内核版本3.18, 内存回收和内存分配连在一起的, 了解下:

what is order in mm:

mel gorman's book:

the allocator maintains blocks of free pages where each block is a power of two number of pages. The exponent for the power of two-sized block is referred to as the order.

block由2的n次方个page组成,这个n就是order了。

内存分配可以分成快速fast path(get_page_from_freelist)和慢速slow path(__alloc_pages_slowpath), fast path失败会走slow path。

/*
 * This is the 'heart' of the zoned buddy allocator.
 */
struct page *
__alloc_pages_nodemask(gfp_t gfp_mask, unsigned int order,
            struct zonelist *zonelist, nodemask_t *nodemask)
{
    ...
    /* First allocation attempt */
    page = get_page_from_freelist(gfp_mask|__GFP_HARDWALL, nodemask, order,
            zonelist, high_zoneidx, alloc_flags,
            preferred_zone, classzone_idx, migratetype);
    if (unlikely(!page)) { //分配不到
        /*
         * Runtime PM, block IO and its error handling path
         * can deadlock because I/O on the device might not
         * complete.
         */
        gfp_mask = memalloc_noio_flags(gfp_mask);
        page = __alloc_pages_slowpath(gfp_mask, order,
                zonelist, high_zoneidx, nodemask,
                preferred_zone, classzone_idx, migratetype);
    }

fast path里如果watermark not ok就会回收内存zone_reclaim再试一次, slow path分配里存在直接内存回收direct reclaim,slow path里也会唤醒kswapd background reclaim.

来看下slow path, 基本大逻辑从代码看:

  1. wake up kswapd if alloc_flag with it
  2. get_page_from_freelist with checking watermark
  3. if nopage, check if do it again without checking watermark
  4. if still nopage, try direct compaction(__alloc_pages_direct_compact).
  5. if still nopage, try direct reclaim then allocating.
  6. if still nopage, oom(__alloc_pages_may_oom)

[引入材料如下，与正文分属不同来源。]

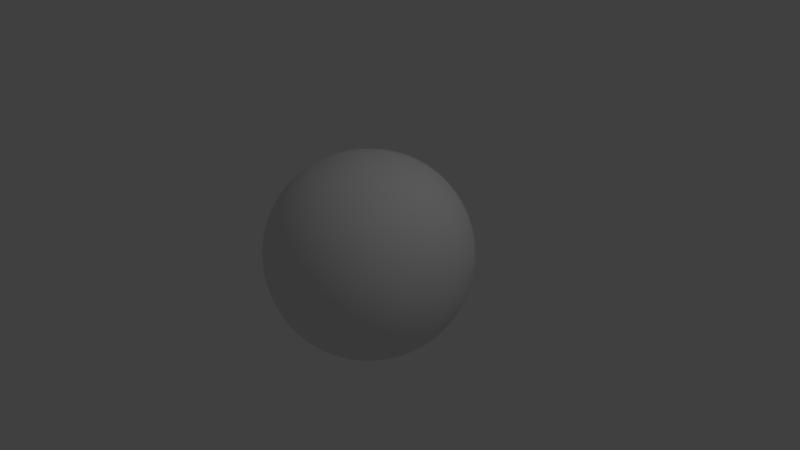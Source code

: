 # Source: TestAsteroid_1.blend  (saved by Blender 2.79.0; exported with 4.5.12 LTS)
import bpy
from mathutils import Matrix  # noqa: F401  (used for matrix-valued properties, if any)

bpy.ops.wm.read_factory_settings(use_empty=True)
scene = bpy.context.scene
scene.name = 'Scene'

# ---- collections
col_collection_1 = bpy.data.collections.new('Collection 1'); scene.collection.children.link(col_collection_1)

# ---- materials (node trees are filled in below, after node groups)
mat_material = bpy.data.materials.new('Material')
mat_material.alpha_threshold = 0.0
mat_material.use_transparent_shadow = False
mat_material.roughness = 0.5
mat_material.line_color = (0.0, 0.0, 0.0, 1.0)

# ---- material node trees

# ---- world
world_world = bpy.data.worlds.new('World'); scene.world = world_world
world_world.color = (0.05088, 0.05088, 0.05088)
world_world.use_sun_shadow = False
world_world.sun_shadow_jitter_overblur = 0.0
world_world.cycles.sampling_method = 'MANUAL'

# ---- cameras
cam_camera = bpy.data.cameras.new('Camera')
cam_camera.clip_end = 100.0
cam_camera.lens = 35.0
cam_camera.sensor_width = 32.0
cam_camera.sensor_height = 18.0
cam_camera.ortho_scale = 7.314
cam_camera.dof.focus_distance = 0.0
cam_camera.dof.aperture_fstop = 128.0

# ---- lights
light_lamp = bpy.data.lights.new('Lamp', 'POINT')
light_lamp.transmission_factor = 0.0
light_lamp.cutoff_distance = 30.0
light_lamp.energy = 100.0
light_lamp.shadow_buffer_clip_start = 1.001
light_lamp.shadow_soft_size = 0.1
light_lamp.shadow_maximum_resolution = 0.006
light_lamp.use_absolute_resolution = True

# ---- meshes
me_cube = bpy.data.meshes.new('Cube')
me_cube.from_pydata([(1.0, 1.0, -1.0), (1.0, -1.0, -1.0), (-1.0, -1.0, -1.0), (-1.0, 1.0, -1.0), (1.0, 1.0, 1.0), (1.0, -1.0, 1.0), (-1.0, -1.0, 1.0), (-1.0, 1.0, 1.0)], [], [(0, 1, 2, 3), (4, 7, 6, 5), (0, 4, 5, 1), (1, 5, 6, 2), (2, 6, 7, 3), (4, 0, 3, 7)])
me_cube.polygons.foreach_set('use_smooth', [True] * 6)
me_cube.materials.append(mat_material)
me_cube.use_remesh_preserve_volume = False
me_cube.use_remesh_preserve_attributes = False
me_cube.use_mirror_vertex_groups = False
me_cube.update()

# ---- objects
ob_cube = bpy.data.objects.new('Cube', me_cube)
ob_lamp = bpy.data.objects.new('Lamp', light_lamp)
ob_camera = bpy.data.objects.new('Camera', cam_camera)

# ---- transforms, parenting, visibility, modifiers, constraints
ob_cube.location = (0.0, 0.0, 0.0)
ob_cube.lock_rotations_4d = False
ob_cube.empty_display_type = 'ARROWS'
ob_cube.lineart.crease_threshold = 0.0
_m = ob_cube.modifiers.new('Subsurf', 'SUBSURF')
_m.uv_smooth = 'PRESERVE_CORNERS'
_m.levels = 6
_m.render_levels = 6
_m.show_only_control_edges = False
_m = ob_cube.modifiers.new('Subsurf.001', 'SUBSURF')
_m.uv_smooth = 'PRESERVE_CORNERS'
_m.quality = 2
_m.levels = 2
_m.show_only_control_edges = False
_m.use_creases = False
_m = ob_cube.modifiers.new('Displace', 'DISPLACE')
ob_lamp.location = (4.076, 1.005, 5.904)
ob_lamp.rotation_euler = (0.6503, 0.05522, 1.866)
ob_lamp.lock_rotations_4d = False
ob_lamp.empty_display_type = 'ARROWS'
ob_lamp.color = (0.0, 0.0, 0.0, 0.0)
ob_lamp.lineart.crease_threshold = 0.0
ob_camera.location = (7.481, -6.508, 5.344)
ob_camera.rotation_euler = (1.109, 0.0, 0.8149)
ob_camera.lock_rotations_4d = False
ob_camera.empty_display_type = 'ARROWS'
ob_camera.color = (0.0, 0.0, 0.0, 0.0)
ob_camera.display_type = 'WIRE'
ob_camera.lineart.crease_threshold = 0.0

# ---- collection membership
col_collection_1.objects.link(ob_cube)
col_collection_1.objects.link(ob_lamp)
col_collection_1.objects.link(ob_camera)

# ---- scene / render settings (as saved in the file)
scene.camera = ob_camera
scene.frame_start = 1; scene.frame_end = 250; scene.frame_set(1)
scene.render.engine = 'BLENDER_EEVEE_NEXT'
scene.render.resolution_percentage = 50
scene.render.dither_intensity = 0.0
scene.cycles.use_denoising = False
scene.cycles.samples = 128
scene.cycles.sampling_pattern = 'TABULATED_SOBOL'
scene.cycles.use_adaptive_sampling = False
scene.cycles.use_light_tree = False
scene.cycles.blur_glossy = 0.0
scene.cycles.sample_clamp_indirect = 0.0
scene.view_settings.view_transform = 'Standard'
bpy.context.view_layer.update()
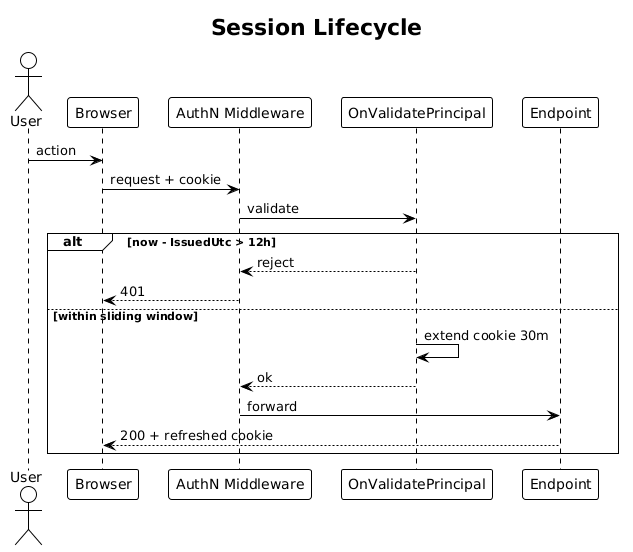

The diagram above was rendered by PlantUML. Its source (embedded in the PNG):
@startuml
!theme plain
title Session Lifecycle

actor User
participant "Browser" as B
participant "AuthN Middleware" as AM
participant "OnValidatePrincipal" as OVP
participant "Endpoint" as EP

User -> B: action
B -> AM: request + cookie
AM -> OVP: validate
alt now - IssuedUtc > 12h
  OVP --> AM: reject
  AM --> B: 401
else within sliding window
  OVP -> OVP: extend cookie 30m
  OVP --> AM: ok
  AM -> EP: forward
  EP --> B: 200 + refreshed cookie
end
@enduml

compaction是分配huge pages用的,长期使用易碎片,huge pages的分配需求很难成功,看下配置描述

config COMPACTION

   bool "Allow for memory compaction"
   def_bool y
   select MIGRATION
   depends on MMU 
   help
     Allows the compaction of memory for the allocation of huge pages.

有一份compaction 说明:from https://lwn.net/Articles/368869/

几个memory reclaim sum:

  • reclaim in fast path allocation
get_page_from_freelist -> zone_reclaim (if watermark is not ok) -> shrink_zone
  • direct reclaim

直接回收内存是在slowpath分配里的,来看下

/* The really slow allocator path where we enter direct reclaim */
static inline struct page *
__alloc_pages_direct_reclaim(gfp_t gfp_mask, unsigned int order,
    struct zonelist *zonelist, enum zone_type high_zoneidx,
    nodemask_t *nodemask, int alloc_flags, struct zone *preferred_zone,
    int classzone_idx, int migratetype, unsigned long *did_some_progress)
{
    struct page *page = NULL;
    bool drained = false;

    *did_some_progress = __perform_reclaim(gfp_mask, order, zonelist,
                           nodemask);
    if (unlikely(!(*did_some_progress)))
        return NULL;

    /* After successful reclaim, reconsider all zones for allocation */
    if (IS_ENABLED(CONFIG_NUMA))
        zlc_clear_zones_full(zonelist);

retry:
    page = get_page_from_freelist(gfp_mask, nodemask, order,
                    zonelist, high_zoneidx,
                    alloc_flags & ~ALLOC_NO_WATERMARKS,
                    preferred_zone, classzone_idx,
                    migratetype);

先直接回收__perform_reclaim然后get_page_from_freelist.

__perform_reclaim -> try_to_free_pages -> do_try_to_free_pages -> shrink_zones
  • kswapd reclaim

call graph:

kswapd -> balance_pgdat -> kswapd_shrink_zone -> shrink_zone

如果分配时all zones的free page在low wartermak以下时gfp_mask没有带上__GFP_NO_KSWAPD,也就是可以从kswapd回收,那就唤醒kswapd回收.